Exercise requirements: Extract the lines up to and including the one that contains "msp = doc.modelspace()", starting with the first line of the entries below, and omit the pictures.

-------------------------

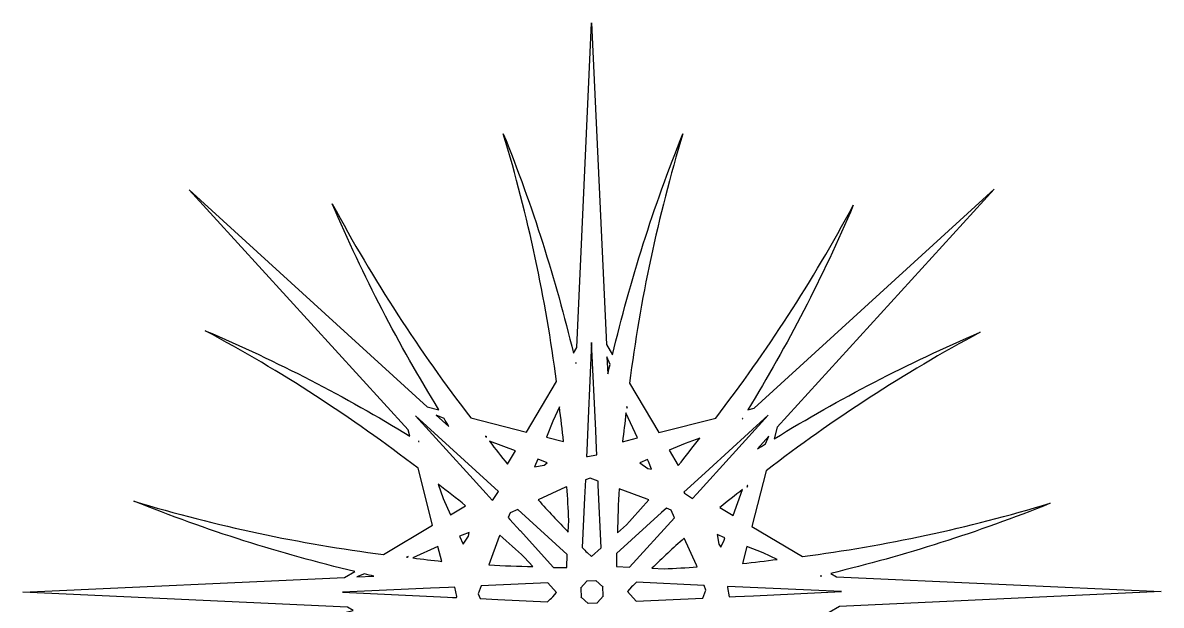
# Model space of a CAD drawing. Header units: centimetres. Extents: x -10.7 to 10.7, y -10.7 to 10.7.
# Drawn here: x -10.68 to 10.68, y -0.25 to 10.68 of the extents above; entities that cross this region are included whole.
import ezdxf

# ---------------------------------------------------------------- set-up
doc = ezdxf.new("R2010")
doc.units = ezdxf.units.CM
doc.header["$MEASUREMENT"] = 0
doc.layers.add('Camada 1', color=7, linetype='Continuous')

msp = doc.modelspace()

# ---------------------------------------------------------------- linework, layer by layer
at = {"layer": 'Camada 1'}
for points, knots in [([(3.91683, -0.70236), (5.48472, -0.9062), (7.02939, -1.2315), (8.59831, -1.70468), (8.59831, -1.70468), (7.2179, -1.14964), (5.84646, -0.71977), (4.45176, -0.38496), (4.45176, -0.38496), (4.45176, -0.38496), (4.64345, -0.2709), (4.64345, -0.2709), (4.64345, -0.2709), (4.64345, -0.2709), (10.68211, 0.00636), (10.68211, 0.00636), (10.68211, 0.00636), (10.68211, 0.00636), (4.59014, 0.28623), (4.59014, 0.28623), (4.59014, 0.28623), (4.59014, 0.28623), (4.48293, 0.3496), (4.48293, 0.3496), (4.48293, 0.3496), (5.86757, 0.68387), (7.22899, 1.11321), (8.59831, 1.66455), (8.59831, 1.66455), (7.04044, 1.19507), (5.50636, 0.8703), (3.94955, 0.66646), (3.94955, 0.66646), (3.94955, 0.66646), (3.0006, 1.22992), (3.0006, 1.22992), (3.0006, 1.22992), (3.0006, 1.22992), (3.26622, 2.27185), (3.26622, 2.27185), (3.26622, 2.27185), (4.51886, 3.23718), (5.84173, 4.09904), (7.28603, 4.87427), (7.28603, 4.87427), (5.91723, 4.29126), (4.64295, 3.62533), (3.41991, 2.87598), (3.41991, 2.87598), (3.41991, 2.87598), (3.47481, 3.09199), (3.47481, 3.09199), (3.47481, 3.09199), (3.47481, 3.09199), (7.549, 7.55855), (7.549, 7.55855), (7.549, 7.55855), (7.549, 7.55855), (3.04285, 3.44789), (3.04285, 3.44789), (3.04285, 3.44789), (3.04285, 3.44789), (2.92297, 3.41725), (2.92297, 3.41725), (2.92297, 3.41725), (3.666, 4.63238), (4.32455, 5.89872), (4.90332, 7.25749), (4.90332, 7.25749), (4.13336, 5.82374), (3.27838, 4.50879), (2.32202, 3.26411), (2.32202, 3.26411), (2.32202, 3.26411), (1.2521, 2.99162), (1.2521, 2.99162), (1.2521, 2.99162), (1.2521, 2.99162), (0.70288, 3.91631), (0.70288, 3.91631), (0.70288, 3.91631), (0.90621, 5.48473), (1.23202, 7.02993), (1.7052, 8.59941), (1.7052, 8.59941), (1.14965, 7.21897), (0.71979, 5.84647), (0.38498, 4.4518), (0.38498, 4.4518), (0.38498, 4.4518), (0.27092, 4.64349), (0.27092, 4.64349), (0.27092, 4.64349), (0.27092, 4.64349), (-0.00631, 10.68215), (-0.00631, 10.68215), (-0.00631, 10.68215), (-0.00631, 10.68215), (-0.28621, 4.58959), (-0.28621, 4.58959), (-0.28621, 4.58959), (-0.28621, 4.58959), (-0.34958, 4.48344), (-0.34958, 4.48344), (-0.34958, 4.48344), (-0.68333, 5.86703), (-1.11266, 7.22897), (-1.664, 8.59938), (-1.664, 8.59938), (-1.19505, 7.04045), (-0.86975, 5.50637), (-0.66644, 3.94904), (-0.66644, 3.94904), (-0.66644, 3.94904), (-1.2299, 3.00059), (-1.2299, 3.00059), (-1.2299, 3.00059), (-1.2299, 3.00059), (-2.27183, 3.2657), (-2.27183, 3.2657), (-2.27183, 3.2657), (-3.23663, 4.51832), (-4.09902, 5.84171), (-4.87425, 7.28604), (-4.87425, 7.28604), (-4.29124, 5.91724), (-3.62478, 4.64296), (-2.87493, 3.4199), (-2.87493, 3.4199), (-2.87493, 3.4199), (-3.09197, 3.47483), (-3.09197, 3.47483), (-3.09197, 3.47483), (-3.09197, 3.47483), (-7.55797, 7.54901), (-7.55797, 7.54901), (-7.55797, 7.54901), (-7.55797, 7.54901), (-3.44788, 3.04284), (-3.44788, 3.04284), (-3.44788, 3.04284), (-3.44788, 3.04284), (-3.41724, 2.92349), (-3.41724, 2.92349), (-3.41724, 2.92349), (-4.63184, 3.66546), (-5.89819, 4.32451), (-7.25695, 4.90382), (-7.25695, 4.90382), (-5.8232, 4.13386), (-4.50878, 3.27835), (-3.2641, 2.32199), (-3.2641, 2.32199), (-3.2641, 2.32199), (-2.99108, 1.25154), (-2.99108, 1.25154), (-2.99108, 1.25154), (-2.99108, 1.25154), (-3.91577, 0.70287), (-3.91577, 0.70287), (-3.91577, 0.70287), (-5.48419, 0.90618), (-7.02939, 1.23201), (-8.59887, 1.70516), (-8.59887, 1.70516), (-7.21843, 1.14961), (-5.84646, 0.71922), (-4.45126, 0.38494), (-4.45126, 0.38494), (-4.45126, 0.38494), (-4.64348, 0.27088), (-4.64348, 0.27088), (-4.64348, 0.27088), (-4.64348, 0.27088), (-10.68214, -0.00632), (-10.68214, -0.00632), (-10.68214, -0.00632), (-10.68214, -0.00632), (-4.58908, -0.2862), (-4.58908, -0.2862), (-4.58908, -0.2862), (-4.58908, -0.2862), (-4.48293, -0.34904), (-4.48293, -0.34904), (-4.48293, -0.34904), (-5.86704, -0.68334), (-7.22793, -1.11265), (-8.59887, -1.66452), (-8.59887, -1.66452), (-7.04047, -1.19451), (-5.50639, -0.86974), (-3.94959, -0.66593), (-3.94959, -0.66593), (-3.94959, -0.66593), (-3.00061, -1.22939), (-3.00061, -1.22939), (-3.00061, -1.22939), (-3.00061, -1.22939), (-3.26625, -2.27182), (-3.26625, -2.27182), (-3.26625, -2.27182), (-4.51887, -3.23718), (-5.84173, -4.09901), (-7.28554, -4.87424), (-7.28554, -4.87424), (-5.91674, -4.29123), (-4.64246, -3.62475), (-3.41992, -2.87545), (-3.41992, -2.87545), (-3.41992, -2.87545), (-3.47538, -3.09193), (-3.47538, -3.09193), (-3.47538, -3.09193), (-3.47538, -3.09193), (-7.549, -7.55796), (-7.549, -7.55796), (-7.549, -7.55796), (-7.549, -7.55796), (-3.04336, -3.44787), (-3.04336, -3.44787), (-3.04336, -3.44787), (-3.04336, -3.44787), (-2.92348, -3.41723), (-2.92348, -3.41723), (-2.92348, -3.41723), (-3.66545, -4.63241), (-4.3245, -5.89873), (-4.90328, -7.257), (-4.90328, -7.257), (-4.13385, -5.82267), (-3.27834, -4.50827), (-2.32198, -3.26359), (-2.32198, -3.26359), (-2.32198, -3.26359), (-1.25206, -2.99104), (-1.25206, -2.99104), (-1.25206, -2.99104), (-1.25206, -2.99104), (-0.70286, -3.91573), (-0.70286, -3.91573), (-0.70286, -3.91573), (-0.90617, -5.48415), (-1.232, -7.02935), (-1.70515, -8.5988), (-1.70515, -8.5988), (-1.1496, -7.21842), (-0.71974, -5.84642), (-0.38493, -4.45177), (-0.38493, -4.45177), (-0.38493, -4.45177), (-0.27034, -4.64396), (-0.27034, -4.64396), (-0.27034, -4.64396), (-0.27034, -4.64396), (0.00689, -10.68215), (0.00689, -10.68215), (0.00689, -10.68215), (0.00689, -10.68215), (0.28679, -4.588), (0.28679, -4.588), (0.28679, -4.588), (0.28679, -4.588), (0.34963, -4.48288), (0.34963, -4.48288), (0.34963, -4.48288), (0.68338, -5.86652), (1.11324, -7.22846), (1.66456, -8.59882), (1.66456, -8.59882), (1.19455, -7.04048), (0.8698, -5.50634), (0.66647, -3.94954), (0.66647, -3.94954), (0.66647, -3.94954), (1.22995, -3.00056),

-------------------------

Solution to this task:
# Model space of a CAD drawing. Header units: centimetres. Extents: x -10.7 to 10.7, y -10.7 to 10.7.
# Drawn here: x -10.68 to 10.68, y -0.25 to 10.68 of the extents above; entities that cross this region are included whole.
import ezdxf

# ---------------------------------------------------------------- set-up
doc = ezdxf.new("R2010")
doc.units = ezdxf.units.CM
doc.header["$MEASUREMENT"] = 0
doc.layers.add('Camada 1', color=7, linetype='Continuous')

msp = doc.modelspace()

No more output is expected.